Enabling exactly-once semantics for replication flows

You enable exactly once semantics (EOS) for replication flows by configuring EOS in the KafkaConnect resource. Optionally, Cloudera recommends that you set the source consumer isolation level in your MirrorSourceConnector to read_committed.

The progress of MirrorSourceConnector is tracked by periodically committing the offsets of the processed messages. If the connector fails, uncommitted messages are reprocessed after the connector starts running again.

Using EOS, source connectors are able to handle offset commits and message produces in a single transaction. This either results in a successful operation where messages are produced to the target topic along with offset commits, or a rollback of the whole operation.
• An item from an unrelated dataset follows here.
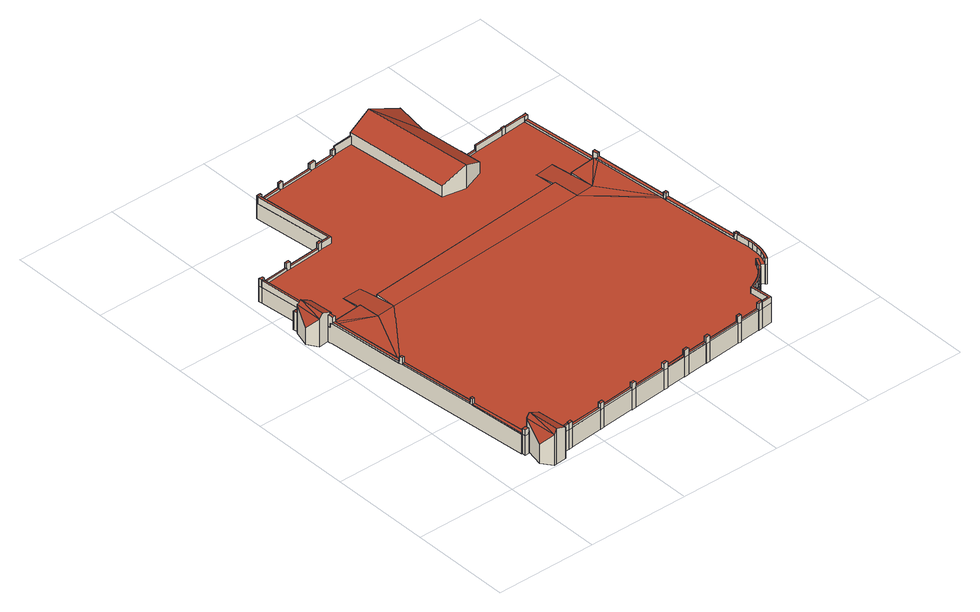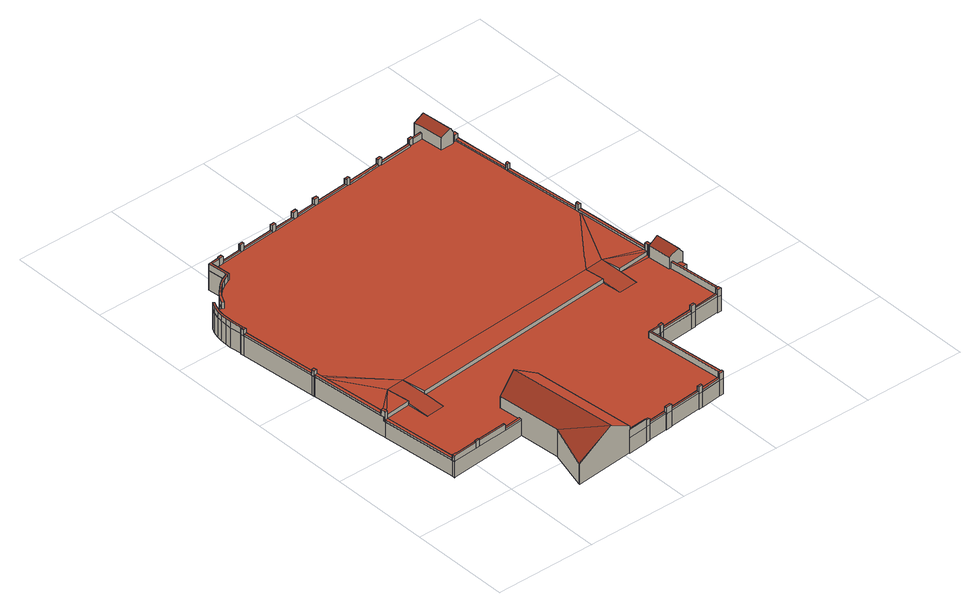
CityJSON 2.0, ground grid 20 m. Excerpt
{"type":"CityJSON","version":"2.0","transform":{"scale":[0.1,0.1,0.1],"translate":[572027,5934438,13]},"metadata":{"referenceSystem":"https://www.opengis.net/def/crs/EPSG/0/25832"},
"CityObjects":{
"building1":{"type":"Building","attributes":{"Grundfläche 2D":"4520.250830","Grundhöhe NN":"13.873"},"children":["building1-1","building1-2","building1-3","building1-4","building1-5","building1-6","building1-7","building1-8","building1-9","building1-10","building1-11","building1-12","building1-13","building1-14","building1-15","building1-16","building1-17","building1-18","building1-19","building1-20","building1-21","building1-22","building1-23","building1-24","building1-25","building1-26","building1-27","building1-28","building1-29","building1-30","building1-31","building1-32","building1-33","building1-34","building1-35","building1-36","building1-37","building1-38","building1-39","building1-40","building1-41","building1-42","building1-43","building1-44","building1-45","building1-46","building1-47","building1-48","building1-49","building1-50"],"geometry":[{"type":"Solid","lod":"3","boundaries":[[[[0,1,2,3,4,5]],[[6,7,8,9,10]],[[9,8,11,10]],[[12,10,11,13,11]],[[6,14,15,8,7]],[[16,17,18,19,20,21,22,23,24,25,15,14,6,26,27,28,29,30,31,32,33,34,35,36,37,38,39,40,41,42,43,44,45,46,47,48,49,50,51,52,53,54,55,56,57,58,59,60,61,62,63,64,65,66,67,68,69,70,71,72,73,74,75,76,77,78,79,80,81,82,83,84]],[[85,86,25,24,23,22]],[[85,22,87]],[[88,89,90,91,85]],[[25,86,85,91,90]],[[88,92,90,89]],[[93,92,88,94]],[[95,96,97,98,99,100,101,102,103,104,105,106,107,108,109,110,111,112,113,114,115,116,117,118,119,120,121,122,123,124,125,126,127,128,129,130,131,0,5,132,133,134,135,136,137,138,139,140,141,142,143,144,145,146,147,148,149,150,151,152]],[[132,153,8,15,154,133]],[[11,8,13]],[[15,25,155,156]],[[136,157,25,90,158,137]],[[92,159,90]],[[160,161,162,163,164,165]],[[166,167,164,163]],[[168,169,170,167,166]],[[165,164,167]],[[171,172,173,174,175,176]],[[177,178,179,173]],[[179,174,173]],[[180,179,178]],[[181,182,183,184,185,186]],[[187,185,184,188,189,190]],[[191,185,187]],[[192,185,191]],[[193,194,195,196]],[[13,8,153]],[[156,154,15]],[[134,133,154]],[[132,5,153]],[[136,135,157]],[[138,137,158]],[[159,158,90]],[[157,155,25]],[[4,3,12,11]],[[5,4,11,13,153]],[[156,155,157,135,134,154]],[[92,93,94,140,139,138,158,159]],[[41,40,39,162,161,160,197,198]],[[166,163,162,39,38,37]],[[34,199,200,170,169,168,166,37,36,35]],[[167,170,200,201]],[[160,165,202,197]],[[165,167,201,202]],[[129,196,195,203,204,178,177,173,172,171,131,130]],[[180,178,204,205]],[[179,180,205,206]],[[2,1,0,176,175,174,179,206,207]],[[176,0,131,171]],[[120,119,208,209]],[[121,120,209,210]],[[122,121,210,211]],[[123,122,211,212]],[[124,123,212,213]],[[125,124,213,214]],[[126,125,214,215]],[[127,126,215,216]],[[127,216,217,128]],[[207,218,219,220,221,29,28,27,26,6,10,12,3,2]],[[30,29,221,222]],[[31,30,222,223]],[[32,31,223,224]],[[33,32,224,225]],[[34,33,225,199]],[[42,41,198,226]],[[43,42,226,227]],[[44,43,227,228]],[[229,45,44,228]],[[46,45,229,230]],[[47,46,230,231]],[[48,47,231,232]],[[49,48,232,233]],[[50,49,233,234]],[[51,50,234,235]],[[52,51,235,236]],[[53,52,236,237]],[[54,53,237,238]],[[55,54,238,239]],[[56,55,239,240]],[[57,56,240,241]],[[58,57,241,242]],[[59,58,242,243]],[[60,59,243,244]],[[61,60,244,245]],[[62,61,245,246]],[[63,62,246,247]],[[64,63,247,248]],[[65,64,248,249]],[[66,65,249,250]],[[67,66,250,251]],[[68,67,251,252]],[[69,68,252,253]],[[70,69,253,254]],[[71,70,254,255]],[[72,71,255,256]],[[73,72,256,257]],[[74,73,257,258]],[[75,74,258,259]],[[76,75,259,260]],[[77,76,260,261]],[[78,77,261,262]],[[79,78,262,263]],[[80,79,263,264]],[[81,80,264,265]],[[82,81,265,266]],[[83,82,266,267]],[[84,83,267,268]],[[16,84,268,269]],[[17,16,269,270]],[[18,17,270,271]],[[272,20,19,18,271,273]],[[21,20,272,274]],[[22,21,274,275]],[[87,22,275,276]],[[85,87,276,277]],[[278,279,141,140,94,88,85,277,280]],[[142,141,279,281]],[[143,142,281,282]],[[283,284,148,147,146,145,144,143,282,285]],[[98,97,286,287]],[[99,98,287,288]],[[289,101,100,99,288,290]],[[102,101,289,291]],[[103,102,291,292]],[[104,103,292,293]],[[105,104,293,294]],[[106,105,294,295]],[[107,106,295,296]],[[108,107,296,297]],[[109,108,297,298]],[[110,109,298,299]],[[111,110,299,300]],[[301,113,112,111,300,302]],[[303,115,114,113,301,304]],[[116,115,303,305]],[[117,116,305,306]],[[118,117,306,307]],[[119,118,307,208]],[[183,152,151,184]],[[184,151,150,188]],[[284,308,187,190,189,188,150,149,148]],[[191,187,308,309]],[[192,191,309,310]],[[311,181,186,185,192,310,286,97,96]],[[182,181,311,96,95,152,183]],[[193,196,129,128]],[[193,128,217,312,194]],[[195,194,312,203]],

EOS is enabled in the KafkaConnect resource with the exactly.once.source.support property.

If transactional producers are writing messages to the source topic, Cloudera recommends that you filter records from the aborted transactions out from the replicated data. Otherwise, aborted transactions are marked as committed in the target, which results in invalid data. This is configured in your MirrorSourceConnector with the isolation.level property. You set the property to read_committed.
  1. Enable EOS in your KafkaConnect resource.

    Configuration differs for newly deployed resources and existing resources.

    Set exactly.once.source.support to enabled.
    #...
    kind: KafkaConnect
    spec:
      config:
        exactly.once.source.support: enabled
    1. Set exactly.once.source.support to preparing.
      #...
      kind: KafkaConnect
      spec:
        config:
          exactly.once.source.support: preparing
    2. Wait until configuration changes are applied and worker pod rolling restart finishes. The restart begins in the next reconciliation loop.
      kubectl get pods --namespace [***NAMESPACE***] --watch
    3. Set exactly.once.source.support to enabled.
  2. Set isolation.level in your MirrorSourceConnector.
    #...
    kind: KafkaConector
    spec:
      class: org.apache.kafka.connect.mirror.MirrorSourceConnector
      config:
        source.consumer.isolation.level: read_committed
    
    This example uses the source.consumer. prefix. That is, isolation.level is specifically set for the source consumer in the connector, which is the consumer connecting to the source cluster.